Only as the princess picked them up and studied them did she notice that each bracer was delicately crafted into the coiled shape of a long, wingless serpent. She slid her right hand through the circles of one and found that it rested comfortably on her forearm. The other did the same on her left.
"Bracers fit for a queen," announced Tavish approvingly. Alicia looked at her companions and saw Keane's raised eyebrows.
"I know," she said, understanding his look. "I thought I would gain a weapon here. But somehow these feel right!"
"I don't question that," replied her teacher. She detected an unusual amount of tenderness in his voice. "After all, I dug through a pile of riches to find a brass ring!"
As Alicia looked downward, she thought she saw-or did she imagine it?-lines of silvery light flowing along the serpentine bodies. The bracers seemed delicate, almost frail. Certainly they wouldn't serve as combat protection. It looked as though the bite of hard steel would cut right through argent metal into the flesh beyond.
Why, then, did she put them on with so little hesitation? Alicia couldn't know, but neither did she feel any qualm or question about her decision. As she looked upward to the bier where rested the mortal shell of her great ancestor, she felt somehow that Cymrych Hugh approved as well.
* * * * *
"They left clear tracks through the heath. They rode without time for concealment." Knaff the Elder smiled grimly as he made his report to the prince. The warriors of the north had broken into ten companies, each of about twenty men, and scattered across miles of this rough country. For hours they had searched and explored, but now finally they had discovered a solid and visible trail.

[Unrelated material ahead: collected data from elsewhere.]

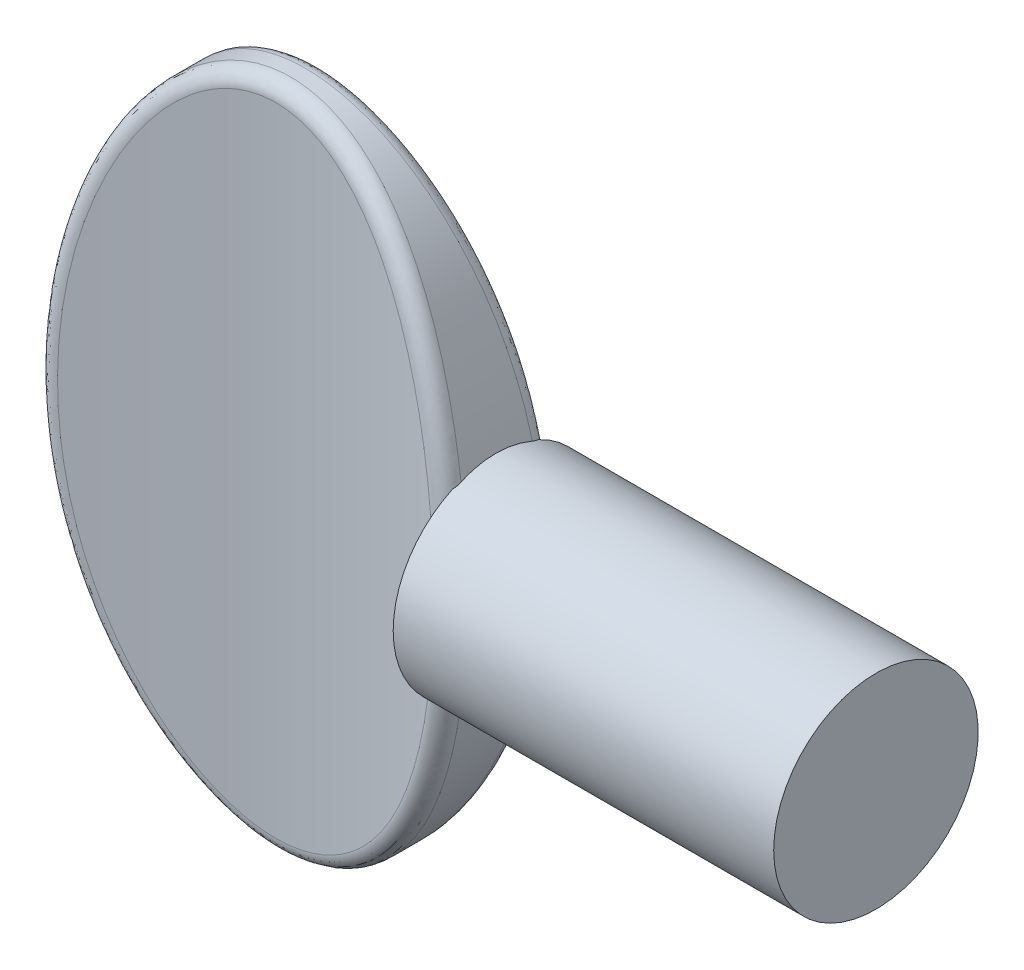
ISO-10303-21;
HEADER;
FILE_DESCRIPTION(('STEP AP214'),'2;1');
FILE_NAME('part.step','',(''),(''),'','','');
FILE_SCHEMA(('AUTOMOTIVE_DESIGN { 1 0 10303 214 1 1 1 1 }'));
ENDSEC;
DATA;
#1=APPLICATION_CONTEXT('core data for automotive mechanical design processes');
#2=APPLICATION_PROTOCOL_DEFINITION('international standard','automotive_design',2000,#1);
#3=PRODUCT_CONTEXT('',#1,'mechanical');
#4=PRODUCT('Part','Part','',(#3));
#5=PRODUCT_RELATED_PRODUCT_CATEGORY('part','',(#4));
#6=PRODUCT_DEFINITION_FORMATION('','',#4);
#7=PRODUCT_DEFINITION_CONTEXT('part definition',#1,'design');
#8=PRODUCT_DEFINITION('design','',#6,#7);
#9=PRODUCT_DEFINITION_SHAPE('','',#8);
#10=(LENGTH_UNIT() NAMED_UNIT(*) SI_UNIT(.MILLI.,.METRE.));
#11=(NAMED_UNIT(*) PLANE_ANGLE_UNIT() SI_UNIT($,.RADIAN.));
#12=(NAMED_UNIT(*) SI_UNIT($,.STERADIAN.) SOLID_ANGLE_UNIT());
#13=UNCERTAINTY_MEASURE_WITH_UNIT(LENGTH_MEASURE(1.E-05),#10,'distance_accuracy_value','');
#14=(GEOMETRIC_REPRESENTATION_CONTEXT(3) GLOBAL_UNCERTAINTY_ASSIGNED_CONTEXT((#13)) GLOBAL_UNIT_ASSIGNED_CONTEXT((#10,
#11,#12)) REPRESENTATION_CONTEXT('',''));
#15=CARTESIAN_POINT('',(0.,0.,0.));
#16=DIRECTION('',(0.,0.,1.));
#17=DIRECTION('',(1.,0.,0.));
#18=AXIS2_PLACEMENT_3D('',#15,#16,#17);
#19=CARTESIAN_POINT('',(0.,0.,1.016));
#20=DIRECTION('',(0.,0.,1.));
#21=DIRECTION('',(0.,-1.,0.));
#22=AXIS2_PLACEMENT_3D('',#19,#20,#21);
#23=ELLIPSE('',#22,5.715,3.556);
#24=DIRECTION('',(0.,0.,-1.));
#25=VECTOR('',#24,1.);
#26=SURFACE_OF_LINEAR_EXTRUSION('',#23,#25);
#27=CARTESIAN_POINT('',(3.41011531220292,-1.62014791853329,0.668376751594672));
#28=CARTESIAN_POINT('',(3.40671804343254,-1.63860905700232,0.623625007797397));
#29=CARTESIAN_POINT('',(3.40360222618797,-1.65521497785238,0.578110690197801));
#30=CARTESIAN_POINT('',(3.39801345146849,-1.68461510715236,0.485826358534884));
#31=CARTESIAN_POINT('',(3.39554052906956,-1.69740910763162,0.439056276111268));
#32=CARTESIAN_POINT('',(3.38920906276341,-1.72990576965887,0.297329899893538));
#33=CARTESIAN_POINT('',(3.38643361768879,-1.74374513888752,0.200903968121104));
#34=CARTESIAN_POINT('',(3.38412486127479,-1.75528275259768,0.00701645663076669));
#35=CARTESIAN_POINT('',(3.38459484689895,-1.75296458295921,-0.0904460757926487));
#36=CARTESIAN_POINT('',(3.38872446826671,-1.73223483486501,-0.283468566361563));
#37=CARTESIAN_POINT('',(3.39237835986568,-1.71385223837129,-0.379031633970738));
#38=CARTESIAN_POINT('',(3.39927526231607,-1.67798412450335,-0.507252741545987));
#39=CARTESIAN_POINT('',(3.40135032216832,-1.66710508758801,-0.541931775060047));
#40=CARTESIAN_POINT('',(3.40584397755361,-1.64323850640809,-0.610479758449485));
#41=CARTESIAN_POINT('',(3.4082620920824,-1.6302539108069,-0.64434976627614));
#42=CARTESIAN_POINT('',(3.41083461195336,-1.61623226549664,-0.677790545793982));
#43=B_SPLINE_CURVE_WITH_KNOTS('',3,(#27,#28,#29,#30,#31,#32,#33,#34,#35,#36,#37,#38,#39,#40,#41,
#42),.UNSPECIFIED.,.F.,.F.,(4,2,2,2,2,2,2,4),(0.,0.145499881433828,0.29100769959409,
0.581851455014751,0.872990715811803,1.16360581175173,1.2727648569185,1.381772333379),.UNSPECIFIED.);
#44=CARTESIAN_POINT('',(3.40596285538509,-1.64255427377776,0.611246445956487));
#45=VERTEX_POINT('',#44);
#46=CARTESIAN_POINT('',(3.40596285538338,-1.6425542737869,-0.611246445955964));
#47=VERTEX_POINT('',#46);
#48=EDGE_CURVE('E58',#45,#47,#43,.T.);
#49=ORIENTED_EDGE('',*,*,#48,.F.);
#50=CARTESIAN_POINT('',(2.87687361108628,2.44813994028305,0.791992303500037));
#51=CARTESIAN_POINT('',(3.18255529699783,2.5496565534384,0.881151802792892));
#52=CARTESIAN_POINT('',(3.19087427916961,2.52247577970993,0.548152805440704));
#53=CARTESIAN_POINT('',(2.94045219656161,2.23528015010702,0.810534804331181));
#54=CARTESIAN_POINT('',(3.25173180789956,2.32661822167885,0.903476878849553));
#55=CARTESIAN_POINT('',(3.25828081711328,2.30224582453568,0.567153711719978));
#56=CARTESIAN_POINT('',(2.99465455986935,2.01926969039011,0.826995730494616));
#57=CARTESIAN_POINT('',(3.31014106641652,2.10195664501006,0.923109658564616));
#58=CARTESIAN_POINT('',(3.31562682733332,2.07916028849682,0.584021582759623));
#59=CARTESIAN_POINT('',(3.08550522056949,1.5830552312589,0.85513976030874));
#60=CARTESIAN_POINT('',(3.40834569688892,1.6476446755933,0.956769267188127));
#61=CARTESIAN_POINT('',(3.41165763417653,1.62919353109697,0.61286138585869));
#62=CARTESIAN_POINT('',(3.12214641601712,1.36284957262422,0.866820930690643));
#63=CARTESIAN_POINT('',(3.4478175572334,1.41867397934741,0.970692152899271));
#64=CARTESIAN_POINT('',(3.45033488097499,1.40231081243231,0.624831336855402));
#65=CARTESIAN_POINT('',(3.17863710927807,0.919742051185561,0.885019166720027));
#66=CARTESIAN_POINT('',(3.50886358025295,0.957217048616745,0.992448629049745));
#67=CARTESIAN_POINT('',(3.50993638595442,0.946080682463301,0.643479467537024));
#68=CARTESIAN_POINT('',(3.19846897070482,0.696837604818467,0.891530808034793));
#69=CARTESIAN_POINT('',(3.53022382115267,0.725447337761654,1.00020785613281));
#70=CARTESIAN_POINT('',(3.53084199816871,0.716730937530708,0.650152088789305));
#71=CARTESIAN_POINT('',(3.22166889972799,0.250038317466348,0.89916161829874));
#72=CARTESIAN_POINT('',(3.55529121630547,0.260137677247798,1.00932947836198));
#73=CARTESIAN_POINT('',(3.55529615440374,0.257136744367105,0.657971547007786));
#74=CARTESIAN_POINT('',(3.22503654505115,0.0261434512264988,0.900280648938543));
#75=CARTESIAN_POINT('',(3.5589182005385,0.0273359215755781,1.0106627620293));
#76=CARTESIAN_POINT('',(3.55884425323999,0.0268922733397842,0.659118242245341));
#77=CARTESIAN_POINT('',(3.21529651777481,-0.424794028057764,0.897065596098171));
#78=CARTESIAN_POINT('',(3.54839475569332,-0.442282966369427,1.00681981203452));
#79=CARTESIAN_POINT('',(3.54857931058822,-0.436885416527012,0.655823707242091));
#80=CARTESIAN_POINT('',(3.20192627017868,-0.651830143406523,0.892644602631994));
#81=CARTESIAN_POINT('',(3.53399566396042,-0.678337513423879,1.00155250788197));
#82=CARTESIAN_POINT('',(3.53448957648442,-0.67041277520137,0.651293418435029));
#83=CARTESIAN_POINT('',(3.15798579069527,-1.10403389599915,0.878342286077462));
#84=CARTESIAN_POINT('',(3.48651511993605,-1.14926850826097,0.98445489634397));
#85=CARTESIAN_POINT('',(3.48815150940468,-1.13578713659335,0.636637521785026));
#86=CARTESIAN_POINT('',(3.12741141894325,-1.32920107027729,0.86845964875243));
#87=CARTESIAN_POINT('',(3.45358537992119,-1.38338047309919,0.972678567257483));
#88=CARTESIAN_POINT('',(3.45589880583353,-1.36763372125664,0.626510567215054));
#89=CARTESIAN_POINT('',(3.04849516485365,-1.77551295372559,0.843590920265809));
#90=CARTESIAN_POINT('',(3.36829281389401,-1.84818795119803,0.942941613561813));
#91=CARTESIAN_POINT('',(3.37255097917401,-1.82763853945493,0.601027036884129));
#92=CARTESIAN_POINT('',(3.00018846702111,-1.99666472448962,0.828614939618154));
#93=CARTESIAN_POINT('',(3.31625058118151,-2.07815631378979,0.925087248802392));
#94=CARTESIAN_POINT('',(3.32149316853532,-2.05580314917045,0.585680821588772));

Brandon gestured to one of his own band. The warrior, older and slightly smaller than the average northman, was a barrel-chested fellow who bore a long, curved horn, an artifact carved from the tusk of a great snow elephant.
"Sound the assembly, Traw. Below that peak to the north." Brandon indicated the round dome of a summit that loomed above the surrounding mountains.
Traw placed the end of his great horn on the ground, then put the mouthpiece to his lips. His chest swelled, and a long, low tone resonated through the valleys and across the peaks. It reached the ears of all of Brandon's scattered companies, and with its slow, plaintive notes told them to mark off three leagues to the north of their initial starting place. All ten groups started toward the rendezvous.
More significantly, no one else heard even the slightest hint of the cry, for this was an enchanted horn. It dated from the time when great sheets of ice covered the Realms, and northmen fought for their existence against the continuous onslaught of winter and against the frost-bearded monsters who claimed the icy lands for their own.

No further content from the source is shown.